Sharon Harnett, the director of Defence Archives and Service Centres, said the project was necessary to ensure the files were protected from possible damage, stored securely, and to speed up the process for ex-ADF members and their families accessing the documentation.
“We get more than 43,000 requests a year to access information about our ex-members,” Ms Harnett said.
“That is often from ex-service affiliated organisations, relatives of members, historians performing research, and members themselves seeking information for various reasons, including compensation claims.”
It is an extensive process to ensure the privacy of the records, locate the physical file, digitise it, send it securely, and then ensure it is properly returned.
“We have a month to respond to these requests,” Ms Harnett said.
“We have been organically digitising about 100 metres of files a month, as part of our business-as-usual process, just responding to the requests we get on a daily basis.
“However, two or three years ago we identified the need to digitise all our files to the national archives standard to speed up the process, safeguard the information and ensure easier access for our customers.”
David Whitrod, 53, is one of the people working on the project preparing files to be scanned.
Mr Whitrod said he had experienced difficulties gaining employment after he was made redundant from a factory he had worked at for a decade and is now working at the disability social enterprise, Ability Works, assisting the ADF to digitise its files. Mr Whitrod lives with Asperger’s Syndrome.
He said going through the files and preparing them for scanning at Ability Works’ worksite in Kew had given him a sense of satisfaction in his work.
“You have to be very careful and pay attention as the documents can be quite old or crumpled. I lay them out, remove any staples or clips and fix any tears in the paper before they are scanned,” he said.

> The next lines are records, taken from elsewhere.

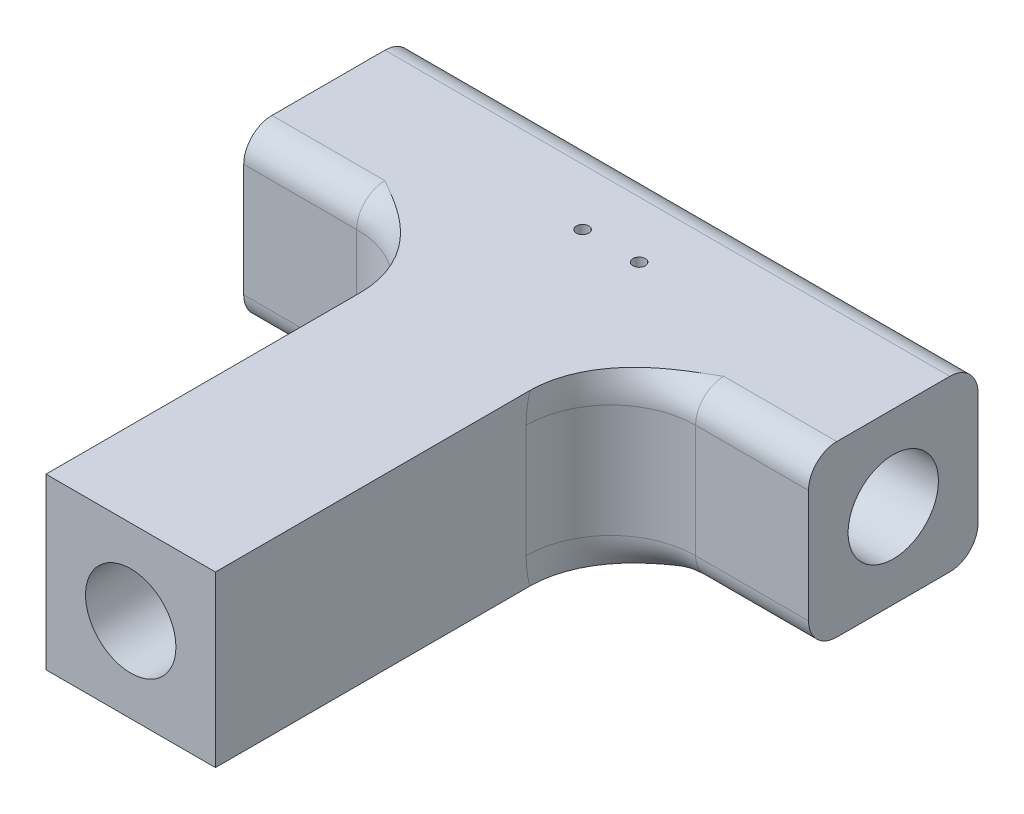
SolidWorks part; units mm, degrees
ref_plane "Front Plane" through (0, 0, 0) normal (0, 0, 1) x (1, 0, 0)
ref_plane "Top Plane" through (0, 0, 0) normal (0, 1, 0) x (1, 0, 0)
ref_plane "Right Plane" through (0, 0, 0) normal (1, 0, 0) x (0, 0, -1)
sketch "Sketch1" plane through (0, 0, 0) normal (0, 1, 0) x (1, 0, 0)
  line L3 (-5, -1.5) -> (5, -1.5)
  line L4 (-5, -1.5) -> (-5, 1.5)
  line L5 (-5, 1.5) -> (5, 1.5)
  line L6 (5, -1.5) -> (5, 1.5)
  line L7 (-5, -1.5) -> (5, 1.5) construction
  line L8 (-5, 1.5) -> (5, -1.5) construction
  point P0 (0, 0)
  dimension "D1" = 10
  dimension "D2" = 3
extrude "Boss-Extrude1" add sketch "Sketch1" along normal blind 3
sketch "Sketch2" plane through (0, 3, 0) normal (0, 1, 0) x (1, 0, 0)
  line L0 (-55, 0) -> (55, 0) construction
  point P0 (0.5, 0)
  point P1 (-0.5, 0)
  dimension "D1" = 1
  dimension "D2" = 0.5
sketch "Sketch6" plane through (-5, 0, 0) normal (-1, 0, 0) x (0, 0, 1)
  line L0 (0, -55) -> (0, 55) construction
  line L1 (-1.5, 3) -> (1.5, 3) construction
  point P0 (0, 1.5)
  point P1 (0, 0)
  dimension "D1" = 1.5
hole_wizard "#90 (0.0087) Diameter Hole1" positions "Sketch9" profile "Sketch10" hole size "#90" standard "ANSI Inch" end condition through all
sketch "Sketch9" plane through (0, 3, 0) normal (0, 1, 0) x (1, 0, 0)
  point P0 (0.5, 0)
  point P3 (-0.5, 0)
sketch "Sketch10" plane through (0.5, 3, 0) normal (1, 0, 0) x (0, 0, 1)
  line L0 (0, 0) -> (0, 3)
  line L1 (0, 3) -> (0.1105, 3)
  line L2 (0.1105, 3) -> (0.1105, 0)
  line L5 (0.1105, 0) -> (0, 0)
  line L11 (0, -6.35) -> (0, 107.95) construction
  dimension "Thru Hole Dia." = 0.221
  dimension "Thru Hole Depth" = 3
hole_wizard "Tap Drill for M2x0.4 Tap1" positions "Sketch7" profile "Sketch8" hole size "M2x0.4" standard "ANSI Metric"
sketch "Sketch7" plane through (-5, 0, 0) normal (-1, 0, 0) x (0, 0, 1)
  point P0 (0, 1.5)
sketch "Sketch8" plane through (-5, 1.5, 0) normal (0, 1, 0) x (0, 0, 1)
  line L0 (0, 0) -> (0, 4.85)
  line L1 (0, 4.85) -> (0.8, 4.3693)
  line L2 (0.8, 4.3693) -> (0.8, 0)
  line L5 (0.8, 0) -> (0, 0)
  line L10 (0, 4.85) -> (-0.8, 4.3693) construction
  line L11 (0, -6.35) -> (0, 107.95) construction
  dimension "Hole Dia." = 1.6
  dimension "Hole Depth" = 4.85
  dimension "Drill Angle" = 118
mirror "Mirror1" about plane through (0, 0, 0) normal (1, 0, 0) of "Tap Drill for M2x0.4 Tap1"
sketch "Sketch15" plane through (0, 0, 1.5) normal (0, 0, 1) x (1, 0, 0)
  line L0 (0, -1.65) -> (0, 1.65) construction
  line L1 (-1.5, 0) -> (1.5, 0)
  line L2 (-1.5, 0) -> (-1.5, 3)
  line L3 (-1.5, 3) -> (1.5, 3)
  line L4 (1.5, 0) -> (1.5, 3)
  line L5 (-1.5, 0) -> (1.5, 3) construction
  line L6 (-1.5, 3) -> (1.5, 0) construction
  line L7 (-5, 3) -> (5, 3) construction
  point P0 (0, 1.5)
  point P5 (0, 0)
  dimension "D1" = 3
  dimension "D2" = 3
extrude "Boss-Extrude2" add sketch "Sketch15" along normal blind 7
sketch "Sketch16" plane through (0, 0, 8.5) normal (0, 0, 1) x (1, 0, 0)
  line L0 (0, -1.65) -> (0, 1.65) construction
  line L1 (1.5, 3) -> (-1.5, 3) construction
  point P0 (0, 1.5)
  point P1 (0, 0)
  dimension "D1" = 1.5
hole_wizard "M2x0.4 Tapped Hole1" positions "Sketch17" profile "Sketch18" tap size "M2x0.4" standard "ANSI Metric"
sketch "Sketch17" plane through (0, 0, 8.5) normal (0, 0, 1) x (1, 0, 0)
  point P0 (0, 1.5)
sketch "Sketch18" plane through (0, 1.5, 8.5) normal (1, 0, 0) x (0, -1, 0)
  line L0 (0, 0) -> (0, 5.4807)
  line L1 (0, 5.4807) -> (0.8, 5)
  line L2 (0.8, 5) -> (0.8, 0)
  line L5 (0.8, 0) -> (0, 0)
  line L10 (0, 5.4807) -> (-0.8, 5) construction
  line L11 (0, -6.35) -> (0, 107.95) construction
  dimension "Tap Drill Dia." = 1.6
  dimension "Tap Drill Depth" = 5
  dimension "Drill Angle" = 118
cosmetic thread "Hole Thread1" parameters "D1"=4, "D2"=2
fillet "Fillet4" radius 0.5 6 edges at (3.25, 3, 1.5) (3.25, 0, 1.5) (-3.25, 0, 1.5) (0, 0, -1.5) (0, 3, -1.5) (-3.25, 3, 1.5)
fillet "Fillet3" radius 1.5 6 edges at (-1.5, 1.5, 1.5) (1.5, 1.5, 1.5) (-1.5, 2.8536, 1.3536) (-1.5, 0.1464, 1.3536) (1.5, 0.1464, 1.3536) (1.5, 2.8536, 1.3536)

CEO of Ability Works, Sue Boyce, said Mr Whitrod’s attention to detail and care with the files made him a perfect fit for the mammoth task ahead.
“It’s wonderful that Defence is taking the opportunity to support the employment of people with disabilities, like David, and to engage them in a project of national significance,” Ms Boyce said.
“These are people who are hard workers, have skills, talents and knowledge but often find it difficult to enter the workforce and retain their employment due to lack of support available in workplaces and an unwillingness for employers to be flexible to their requirements.”
Ms Harnett said the Department of Defence was proud to support the employment of people with disabilities and were now looking for further opportunities to include other people marginalised from Australia’s workforce in the five-year digitisation project.
“Working with a social enterprise employing people with disabilities was really a proof of concept and now that we have set up the program, the quality of the work is great. We would like to continue to bring in a greater diversity of people into our projects, which helps continue the positive legacy of the members whose information is included in these files,” Ms Harnett said.
Ms Harnett added “Defence has a number of inclusive employment programs that provide opportunities for individual’s disability to work in Defence. These programs include the Defence Administrative Assistance Program, the Defence Inclusive Employment Program and the Dandelion Program.
“These programs have contributed to realising the Department’s commitments to improving the diversity of our workforce and inclusion in our workplaces.”